Most of these seem to have been removed in favor of 16 Bit values, but 32 Bit values have been in use. In the current glext.h, one still can find some (obsolete) enumerants above 0xffff, like
#ifndef GL_PGI_misc_hints
#define GL_PGI_misc_hints 1
#define GL_PREFER_DOUBLEBUFFER_HINT_PGI 0x1A1F8
#define GL_CONSERVE_MEMORY_HINT_PGI 0x1A1FD
#define GL_RECLAIM_MEMORY_HINT_PGI 0x1A1FE
...
Why would you use a short anyway? What situation would you ever be in that you would even save more than 8k ram (if the reports of near a thousand GLenums is correct) by using a short or uint8_t istead of GLuint for enums and const declarations? Considering the trouble of potential hardware incompatibilities and potential cross platform bugs you would introduce, it's kind of odd to try to save something like 8k ram even in the context of the original 2mb Voodoo3d graphics hardware, much less SGL super-computer-farms OpenGL was created for.
Besides, modern x86 and GPU hardware aligns on 32 or 64 bits at a time, you would actually stall the operation of the CPU/GPU as 24 or 56 bits of the register would have to be zeroed out and THEN read/written to, whereas it could operate on the standard int as soon as it was copied in. From the start of OpenGL compute resources have tended to be more valuable than memory while you might do billions of state changes during a program's life you'd be saving about 10kb (kilobytes) of ram max if you replaced every 32 bit GLuint enum with a uint8_t one. I'm trying so hard not to be extra-cynical right now, heh.

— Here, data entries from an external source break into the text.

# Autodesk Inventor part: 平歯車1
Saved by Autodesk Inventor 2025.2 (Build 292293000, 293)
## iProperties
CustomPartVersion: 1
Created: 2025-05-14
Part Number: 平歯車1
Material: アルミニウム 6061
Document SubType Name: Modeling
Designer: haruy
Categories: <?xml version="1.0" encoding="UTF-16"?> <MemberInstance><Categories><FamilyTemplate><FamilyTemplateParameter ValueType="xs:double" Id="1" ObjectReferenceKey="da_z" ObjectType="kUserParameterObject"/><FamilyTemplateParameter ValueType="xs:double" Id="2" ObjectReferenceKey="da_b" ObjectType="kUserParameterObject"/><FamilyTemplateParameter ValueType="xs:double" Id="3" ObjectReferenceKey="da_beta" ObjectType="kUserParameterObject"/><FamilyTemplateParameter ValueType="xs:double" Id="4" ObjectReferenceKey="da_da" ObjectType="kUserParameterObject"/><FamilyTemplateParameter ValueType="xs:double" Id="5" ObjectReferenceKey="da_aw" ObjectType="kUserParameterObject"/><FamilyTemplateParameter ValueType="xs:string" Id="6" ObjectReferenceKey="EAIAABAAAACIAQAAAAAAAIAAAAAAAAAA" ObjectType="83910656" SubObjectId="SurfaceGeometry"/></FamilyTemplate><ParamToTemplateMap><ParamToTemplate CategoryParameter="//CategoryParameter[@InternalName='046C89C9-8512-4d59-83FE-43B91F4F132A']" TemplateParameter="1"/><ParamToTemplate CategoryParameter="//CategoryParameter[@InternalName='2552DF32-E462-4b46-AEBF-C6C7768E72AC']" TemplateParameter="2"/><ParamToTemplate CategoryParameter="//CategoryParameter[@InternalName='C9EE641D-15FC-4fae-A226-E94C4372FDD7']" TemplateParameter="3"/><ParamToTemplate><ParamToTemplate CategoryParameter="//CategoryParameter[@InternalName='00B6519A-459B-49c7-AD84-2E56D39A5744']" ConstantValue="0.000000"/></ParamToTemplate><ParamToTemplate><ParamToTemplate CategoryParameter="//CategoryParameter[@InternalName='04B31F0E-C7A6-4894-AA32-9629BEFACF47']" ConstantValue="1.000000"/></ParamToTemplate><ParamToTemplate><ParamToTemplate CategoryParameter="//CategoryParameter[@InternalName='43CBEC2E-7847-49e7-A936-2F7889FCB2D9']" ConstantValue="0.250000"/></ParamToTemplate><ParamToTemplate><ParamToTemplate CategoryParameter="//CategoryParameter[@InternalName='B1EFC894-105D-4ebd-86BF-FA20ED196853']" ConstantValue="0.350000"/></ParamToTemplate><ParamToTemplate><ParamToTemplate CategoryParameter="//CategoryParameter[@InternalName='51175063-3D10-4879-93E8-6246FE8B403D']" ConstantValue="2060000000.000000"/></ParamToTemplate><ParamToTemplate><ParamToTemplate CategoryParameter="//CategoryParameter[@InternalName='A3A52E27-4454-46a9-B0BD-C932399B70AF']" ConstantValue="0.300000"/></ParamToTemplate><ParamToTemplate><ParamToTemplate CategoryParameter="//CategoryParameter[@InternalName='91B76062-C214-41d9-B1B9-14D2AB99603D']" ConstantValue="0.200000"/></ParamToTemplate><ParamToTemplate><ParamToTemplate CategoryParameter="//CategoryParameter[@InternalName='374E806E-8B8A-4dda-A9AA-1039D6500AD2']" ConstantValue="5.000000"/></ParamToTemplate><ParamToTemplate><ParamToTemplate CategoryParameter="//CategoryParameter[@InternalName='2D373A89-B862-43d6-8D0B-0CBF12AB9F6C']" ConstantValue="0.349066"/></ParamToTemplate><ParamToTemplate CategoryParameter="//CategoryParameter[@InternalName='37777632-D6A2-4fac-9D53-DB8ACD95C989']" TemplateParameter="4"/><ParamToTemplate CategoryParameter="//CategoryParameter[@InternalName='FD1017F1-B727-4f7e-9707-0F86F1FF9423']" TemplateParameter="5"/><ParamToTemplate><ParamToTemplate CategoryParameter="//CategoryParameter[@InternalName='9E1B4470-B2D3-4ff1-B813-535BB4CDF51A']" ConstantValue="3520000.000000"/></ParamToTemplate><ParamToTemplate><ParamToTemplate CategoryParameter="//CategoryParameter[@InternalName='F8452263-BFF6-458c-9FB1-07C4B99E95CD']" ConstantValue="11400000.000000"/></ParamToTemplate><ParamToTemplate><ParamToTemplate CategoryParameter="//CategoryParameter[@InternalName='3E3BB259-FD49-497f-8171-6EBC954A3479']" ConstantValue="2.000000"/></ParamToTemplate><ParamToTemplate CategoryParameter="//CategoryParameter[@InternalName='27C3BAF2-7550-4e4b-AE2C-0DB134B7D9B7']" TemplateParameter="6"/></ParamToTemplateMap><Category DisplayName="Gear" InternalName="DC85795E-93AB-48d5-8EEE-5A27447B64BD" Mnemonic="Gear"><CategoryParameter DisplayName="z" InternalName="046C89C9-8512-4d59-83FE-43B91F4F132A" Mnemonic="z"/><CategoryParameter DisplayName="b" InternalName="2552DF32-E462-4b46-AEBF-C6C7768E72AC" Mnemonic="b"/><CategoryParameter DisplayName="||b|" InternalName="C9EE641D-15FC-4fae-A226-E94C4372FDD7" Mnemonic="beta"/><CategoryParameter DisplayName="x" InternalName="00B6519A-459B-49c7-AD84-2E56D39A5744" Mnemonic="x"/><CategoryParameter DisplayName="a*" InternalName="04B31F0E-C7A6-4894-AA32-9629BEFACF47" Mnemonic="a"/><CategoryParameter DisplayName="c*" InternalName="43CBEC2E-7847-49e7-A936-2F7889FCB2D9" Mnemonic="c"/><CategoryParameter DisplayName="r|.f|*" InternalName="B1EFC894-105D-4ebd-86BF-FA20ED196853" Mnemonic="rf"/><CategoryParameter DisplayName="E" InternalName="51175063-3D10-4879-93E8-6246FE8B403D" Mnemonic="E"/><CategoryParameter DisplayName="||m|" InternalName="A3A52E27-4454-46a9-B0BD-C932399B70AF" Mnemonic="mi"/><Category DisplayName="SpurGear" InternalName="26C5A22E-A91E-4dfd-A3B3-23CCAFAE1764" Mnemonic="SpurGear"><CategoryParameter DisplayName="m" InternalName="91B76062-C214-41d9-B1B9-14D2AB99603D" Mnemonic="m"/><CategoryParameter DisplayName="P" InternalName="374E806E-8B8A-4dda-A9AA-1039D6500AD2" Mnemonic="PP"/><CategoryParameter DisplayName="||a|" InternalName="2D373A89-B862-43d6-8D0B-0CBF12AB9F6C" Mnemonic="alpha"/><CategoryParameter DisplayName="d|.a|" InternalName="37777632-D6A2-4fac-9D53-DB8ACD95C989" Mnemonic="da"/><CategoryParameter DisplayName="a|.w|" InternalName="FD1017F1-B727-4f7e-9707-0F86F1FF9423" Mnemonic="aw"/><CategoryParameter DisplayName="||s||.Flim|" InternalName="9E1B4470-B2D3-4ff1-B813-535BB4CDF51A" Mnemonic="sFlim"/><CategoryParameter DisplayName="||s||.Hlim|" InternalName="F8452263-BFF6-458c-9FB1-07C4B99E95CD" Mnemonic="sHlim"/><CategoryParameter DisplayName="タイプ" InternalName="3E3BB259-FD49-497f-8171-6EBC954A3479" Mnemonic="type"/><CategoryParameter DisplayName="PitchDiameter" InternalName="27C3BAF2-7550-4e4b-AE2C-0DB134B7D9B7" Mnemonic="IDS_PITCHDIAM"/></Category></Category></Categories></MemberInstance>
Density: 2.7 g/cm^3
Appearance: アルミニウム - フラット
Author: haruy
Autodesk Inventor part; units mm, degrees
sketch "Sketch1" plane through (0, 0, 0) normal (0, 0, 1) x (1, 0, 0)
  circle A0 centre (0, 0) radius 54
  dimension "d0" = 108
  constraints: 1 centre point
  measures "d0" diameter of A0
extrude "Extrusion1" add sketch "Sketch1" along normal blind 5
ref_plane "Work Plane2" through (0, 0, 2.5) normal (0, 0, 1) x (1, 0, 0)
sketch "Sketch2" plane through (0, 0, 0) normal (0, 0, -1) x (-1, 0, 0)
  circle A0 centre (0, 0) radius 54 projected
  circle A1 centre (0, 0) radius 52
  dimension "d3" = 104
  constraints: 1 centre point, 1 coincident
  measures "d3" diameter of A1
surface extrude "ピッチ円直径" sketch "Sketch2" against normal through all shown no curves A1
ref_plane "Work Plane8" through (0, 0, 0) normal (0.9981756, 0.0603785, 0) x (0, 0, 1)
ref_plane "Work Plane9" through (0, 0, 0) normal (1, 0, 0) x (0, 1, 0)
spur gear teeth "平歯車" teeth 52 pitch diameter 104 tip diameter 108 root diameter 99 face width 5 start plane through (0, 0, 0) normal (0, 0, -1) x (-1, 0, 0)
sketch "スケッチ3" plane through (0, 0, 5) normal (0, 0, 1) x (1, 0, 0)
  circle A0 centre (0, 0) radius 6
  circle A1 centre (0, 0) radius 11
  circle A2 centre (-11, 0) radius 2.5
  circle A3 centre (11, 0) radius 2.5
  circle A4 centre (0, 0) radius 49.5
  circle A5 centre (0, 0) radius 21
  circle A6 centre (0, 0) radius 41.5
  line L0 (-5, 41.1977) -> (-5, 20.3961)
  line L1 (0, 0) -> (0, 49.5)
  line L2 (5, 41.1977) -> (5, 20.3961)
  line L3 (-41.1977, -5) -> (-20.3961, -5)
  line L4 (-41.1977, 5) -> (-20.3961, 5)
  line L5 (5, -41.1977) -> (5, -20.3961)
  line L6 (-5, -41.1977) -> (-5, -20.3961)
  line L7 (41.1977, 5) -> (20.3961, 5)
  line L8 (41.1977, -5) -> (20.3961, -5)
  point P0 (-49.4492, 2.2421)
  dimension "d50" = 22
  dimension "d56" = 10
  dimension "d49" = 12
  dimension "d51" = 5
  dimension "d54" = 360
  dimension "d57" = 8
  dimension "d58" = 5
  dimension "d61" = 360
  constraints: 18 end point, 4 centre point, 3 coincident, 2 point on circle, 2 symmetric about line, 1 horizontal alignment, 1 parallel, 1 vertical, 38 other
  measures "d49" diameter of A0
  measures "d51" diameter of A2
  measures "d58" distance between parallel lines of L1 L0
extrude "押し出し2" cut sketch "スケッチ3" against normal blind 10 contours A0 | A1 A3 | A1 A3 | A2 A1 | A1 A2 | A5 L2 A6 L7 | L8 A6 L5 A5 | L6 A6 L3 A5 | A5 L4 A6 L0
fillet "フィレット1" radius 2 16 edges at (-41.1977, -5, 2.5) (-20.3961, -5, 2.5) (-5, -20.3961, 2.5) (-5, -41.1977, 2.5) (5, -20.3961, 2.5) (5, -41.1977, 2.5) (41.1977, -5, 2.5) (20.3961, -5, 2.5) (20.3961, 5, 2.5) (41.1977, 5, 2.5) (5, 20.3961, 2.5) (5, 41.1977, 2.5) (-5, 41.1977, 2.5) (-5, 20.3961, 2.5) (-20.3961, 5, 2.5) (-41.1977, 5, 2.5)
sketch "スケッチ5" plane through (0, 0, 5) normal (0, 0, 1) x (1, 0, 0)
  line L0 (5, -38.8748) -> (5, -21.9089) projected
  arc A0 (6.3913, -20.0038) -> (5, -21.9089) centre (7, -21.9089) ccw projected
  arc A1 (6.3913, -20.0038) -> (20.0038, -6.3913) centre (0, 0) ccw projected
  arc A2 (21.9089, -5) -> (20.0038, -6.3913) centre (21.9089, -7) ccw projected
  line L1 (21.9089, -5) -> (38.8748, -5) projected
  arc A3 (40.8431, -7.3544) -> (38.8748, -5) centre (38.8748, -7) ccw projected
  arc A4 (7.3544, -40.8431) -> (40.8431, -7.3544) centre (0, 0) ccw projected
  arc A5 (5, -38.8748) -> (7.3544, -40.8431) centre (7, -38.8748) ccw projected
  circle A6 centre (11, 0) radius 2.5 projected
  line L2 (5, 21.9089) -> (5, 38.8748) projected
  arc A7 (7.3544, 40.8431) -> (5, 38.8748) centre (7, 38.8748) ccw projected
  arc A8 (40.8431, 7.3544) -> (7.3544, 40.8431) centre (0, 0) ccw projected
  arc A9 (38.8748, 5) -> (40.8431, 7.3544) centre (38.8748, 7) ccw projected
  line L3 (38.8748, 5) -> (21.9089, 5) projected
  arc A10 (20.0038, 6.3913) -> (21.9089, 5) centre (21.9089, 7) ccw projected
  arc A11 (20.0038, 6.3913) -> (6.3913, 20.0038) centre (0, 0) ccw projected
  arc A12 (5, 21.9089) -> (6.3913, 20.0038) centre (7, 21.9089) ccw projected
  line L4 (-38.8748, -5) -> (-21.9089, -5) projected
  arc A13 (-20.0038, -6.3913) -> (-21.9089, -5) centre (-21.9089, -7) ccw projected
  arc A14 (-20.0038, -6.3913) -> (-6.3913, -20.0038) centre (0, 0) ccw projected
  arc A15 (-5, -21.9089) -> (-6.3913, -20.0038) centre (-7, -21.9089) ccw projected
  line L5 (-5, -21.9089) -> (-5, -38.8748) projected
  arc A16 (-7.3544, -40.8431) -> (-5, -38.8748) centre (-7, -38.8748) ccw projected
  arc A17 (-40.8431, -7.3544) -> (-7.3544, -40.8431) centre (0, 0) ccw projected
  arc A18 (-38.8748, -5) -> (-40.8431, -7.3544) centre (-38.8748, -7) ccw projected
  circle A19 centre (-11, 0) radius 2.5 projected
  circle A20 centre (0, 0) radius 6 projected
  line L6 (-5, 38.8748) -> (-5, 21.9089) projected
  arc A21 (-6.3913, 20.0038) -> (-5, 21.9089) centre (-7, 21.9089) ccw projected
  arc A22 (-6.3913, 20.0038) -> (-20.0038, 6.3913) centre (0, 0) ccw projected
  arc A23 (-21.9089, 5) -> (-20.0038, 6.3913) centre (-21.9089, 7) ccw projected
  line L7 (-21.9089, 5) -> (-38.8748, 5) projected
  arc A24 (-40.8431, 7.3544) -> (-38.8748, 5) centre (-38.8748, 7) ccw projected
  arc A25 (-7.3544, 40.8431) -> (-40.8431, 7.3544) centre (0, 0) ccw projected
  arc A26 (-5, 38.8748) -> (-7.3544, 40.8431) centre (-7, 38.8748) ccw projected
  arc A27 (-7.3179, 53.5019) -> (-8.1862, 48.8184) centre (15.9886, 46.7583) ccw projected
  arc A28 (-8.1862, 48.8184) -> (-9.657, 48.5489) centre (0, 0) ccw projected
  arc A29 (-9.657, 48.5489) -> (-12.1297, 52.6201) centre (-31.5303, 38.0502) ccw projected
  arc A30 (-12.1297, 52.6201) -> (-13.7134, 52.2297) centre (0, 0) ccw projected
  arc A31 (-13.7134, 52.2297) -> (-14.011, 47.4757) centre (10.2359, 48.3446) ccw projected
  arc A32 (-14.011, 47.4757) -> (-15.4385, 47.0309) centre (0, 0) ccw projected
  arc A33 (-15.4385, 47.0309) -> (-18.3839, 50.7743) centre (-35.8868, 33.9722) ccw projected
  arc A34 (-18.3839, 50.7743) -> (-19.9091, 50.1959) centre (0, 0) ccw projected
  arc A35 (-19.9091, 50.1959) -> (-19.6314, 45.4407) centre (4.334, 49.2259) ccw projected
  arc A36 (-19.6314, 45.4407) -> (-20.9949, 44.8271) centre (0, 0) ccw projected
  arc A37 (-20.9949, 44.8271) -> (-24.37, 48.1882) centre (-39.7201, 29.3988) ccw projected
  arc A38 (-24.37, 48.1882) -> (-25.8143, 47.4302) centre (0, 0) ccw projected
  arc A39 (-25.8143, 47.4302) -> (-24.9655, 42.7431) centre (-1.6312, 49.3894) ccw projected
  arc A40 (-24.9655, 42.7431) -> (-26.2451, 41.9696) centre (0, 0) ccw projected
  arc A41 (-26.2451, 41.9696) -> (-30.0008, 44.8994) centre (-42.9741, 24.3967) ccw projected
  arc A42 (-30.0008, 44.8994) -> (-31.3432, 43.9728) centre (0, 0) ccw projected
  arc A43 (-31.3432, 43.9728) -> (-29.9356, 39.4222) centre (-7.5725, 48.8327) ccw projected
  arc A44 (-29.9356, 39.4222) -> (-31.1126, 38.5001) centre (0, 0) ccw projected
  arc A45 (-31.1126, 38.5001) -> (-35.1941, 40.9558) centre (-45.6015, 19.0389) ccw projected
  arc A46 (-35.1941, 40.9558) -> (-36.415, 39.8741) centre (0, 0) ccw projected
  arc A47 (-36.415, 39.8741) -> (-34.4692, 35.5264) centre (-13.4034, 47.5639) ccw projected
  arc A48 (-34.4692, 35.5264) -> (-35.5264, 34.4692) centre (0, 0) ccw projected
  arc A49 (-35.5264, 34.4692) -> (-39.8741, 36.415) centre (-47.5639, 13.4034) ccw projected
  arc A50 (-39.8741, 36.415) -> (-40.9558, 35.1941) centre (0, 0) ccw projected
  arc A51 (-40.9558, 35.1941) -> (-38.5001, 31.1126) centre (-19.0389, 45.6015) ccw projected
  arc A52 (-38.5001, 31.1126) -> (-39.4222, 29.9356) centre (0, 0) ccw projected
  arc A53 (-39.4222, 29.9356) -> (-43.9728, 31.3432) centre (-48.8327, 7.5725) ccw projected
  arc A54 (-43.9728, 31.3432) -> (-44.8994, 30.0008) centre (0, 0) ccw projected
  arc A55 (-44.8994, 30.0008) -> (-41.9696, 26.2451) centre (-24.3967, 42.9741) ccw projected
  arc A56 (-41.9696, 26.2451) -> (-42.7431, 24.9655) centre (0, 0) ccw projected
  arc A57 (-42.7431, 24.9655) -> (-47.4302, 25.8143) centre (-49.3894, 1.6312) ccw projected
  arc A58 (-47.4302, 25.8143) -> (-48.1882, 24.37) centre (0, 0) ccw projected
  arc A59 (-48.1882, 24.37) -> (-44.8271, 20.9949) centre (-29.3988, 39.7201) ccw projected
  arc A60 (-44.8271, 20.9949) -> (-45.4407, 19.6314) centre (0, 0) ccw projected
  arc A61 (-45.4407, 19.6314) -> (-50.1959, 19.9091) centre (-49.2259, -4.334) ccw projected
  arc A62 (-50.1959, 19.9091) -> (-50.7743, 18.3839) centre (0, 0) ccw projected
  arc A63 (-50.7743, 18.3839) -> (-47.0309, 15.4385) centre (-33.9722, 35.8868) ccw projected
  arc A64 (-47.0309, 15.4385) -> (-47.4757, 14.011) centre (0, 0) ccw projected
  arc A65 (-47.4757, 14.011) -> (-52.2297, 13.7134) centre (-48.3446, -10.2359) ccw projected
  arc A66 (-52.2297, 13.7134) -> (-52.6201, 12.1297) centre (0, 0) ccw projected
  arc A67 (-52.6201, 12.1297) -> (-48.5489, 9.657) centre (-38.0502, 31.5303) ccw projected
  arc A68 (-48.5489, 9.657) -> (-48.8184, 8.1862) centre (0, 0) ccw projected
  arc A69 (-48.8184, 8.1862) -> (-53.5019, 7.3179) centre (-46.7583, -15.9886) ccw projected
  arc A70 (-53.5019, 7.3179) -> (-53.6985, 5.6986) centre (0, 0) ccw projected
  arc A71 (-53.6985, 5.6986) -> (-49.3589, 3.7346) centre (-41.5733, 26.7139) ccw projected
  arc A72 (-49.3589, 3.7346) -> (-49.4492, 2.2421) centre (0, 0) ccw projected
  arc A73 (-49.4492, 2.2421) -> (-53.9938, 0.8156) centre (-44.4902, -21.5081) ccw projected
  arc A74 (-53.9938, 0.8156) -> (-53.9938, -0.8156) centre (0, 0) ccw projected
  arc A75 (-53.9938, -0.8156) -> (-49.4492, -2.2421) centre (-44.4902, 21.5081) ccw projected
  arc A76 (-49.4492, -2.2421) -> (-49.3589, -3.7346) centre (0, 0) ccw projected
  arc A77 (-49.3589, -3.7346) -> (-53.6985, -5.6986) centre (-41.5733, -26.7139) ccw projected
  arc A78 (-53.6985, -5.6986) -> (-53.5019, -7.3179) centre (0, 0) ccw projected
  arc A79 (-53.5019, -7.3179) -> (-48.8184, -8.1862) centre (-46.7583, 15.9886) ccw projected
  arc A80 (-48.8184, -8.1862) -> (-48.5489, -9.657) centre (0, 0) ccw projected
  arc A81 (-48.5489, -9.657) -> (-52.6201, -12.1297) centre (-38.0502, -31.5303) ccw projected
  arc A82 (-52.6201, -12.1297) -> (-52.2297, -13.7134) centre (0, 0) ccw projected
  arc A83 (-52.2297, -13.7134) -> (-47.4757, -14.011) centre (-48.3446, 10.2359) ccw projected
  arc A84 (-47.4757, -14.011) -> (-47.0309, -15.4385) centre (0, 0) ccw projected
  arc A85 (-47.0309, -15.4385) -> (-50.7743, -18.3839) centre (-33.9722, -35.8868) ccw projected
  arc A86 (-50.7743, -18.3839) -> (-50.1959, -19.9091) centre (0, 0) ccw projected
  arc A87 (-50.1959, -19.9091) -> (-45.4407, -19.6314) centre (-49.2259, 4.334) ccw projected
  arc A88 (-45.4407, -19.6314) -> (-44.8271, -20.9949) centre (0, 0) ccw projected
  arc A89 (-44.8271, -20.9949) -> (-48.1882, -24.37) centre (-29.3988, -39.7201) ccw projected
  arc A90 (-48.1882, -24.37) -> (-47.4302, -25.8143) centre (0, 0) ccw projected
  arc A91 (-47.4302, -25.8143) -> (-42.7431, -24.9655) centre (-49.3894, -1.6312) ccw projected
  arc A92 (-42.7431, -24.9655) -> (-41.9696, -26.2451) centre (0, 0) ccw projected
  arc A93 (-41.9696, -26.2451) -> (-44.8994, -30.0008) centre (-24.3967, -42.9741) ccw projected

For example, one valid reason for things like uint18_t and the like is for large data buffers/algorithms where data fits in that bit-depth. 1024 ints vs 1024 uint8_t variables on the stack is 8k, are we going to split hairs over 8k? Now consider a 4k raw bitmap image of 4000*2500*32 bits, we're talking a few hundred megs and it would be 8 times the size if we used 64 bit RGBA buffers in the place of standard 8 bit RGBA8 buffers, or quadruple in size if we used 32 bit RGBA encoding. Multiply that by the number of textures open or pictures saved and swapping a bit of cpu operations for all that extra memory makes sense, especially in the context of that type of work.
That is where using a non standard integer type makes sense. Unless you're on a 64k machine or something (like an old-school beeper, good luck running OpenGL on that) system if you're trying to save a few bits of memory on something like a const declaration or reference counter you're just wasting everyone's time.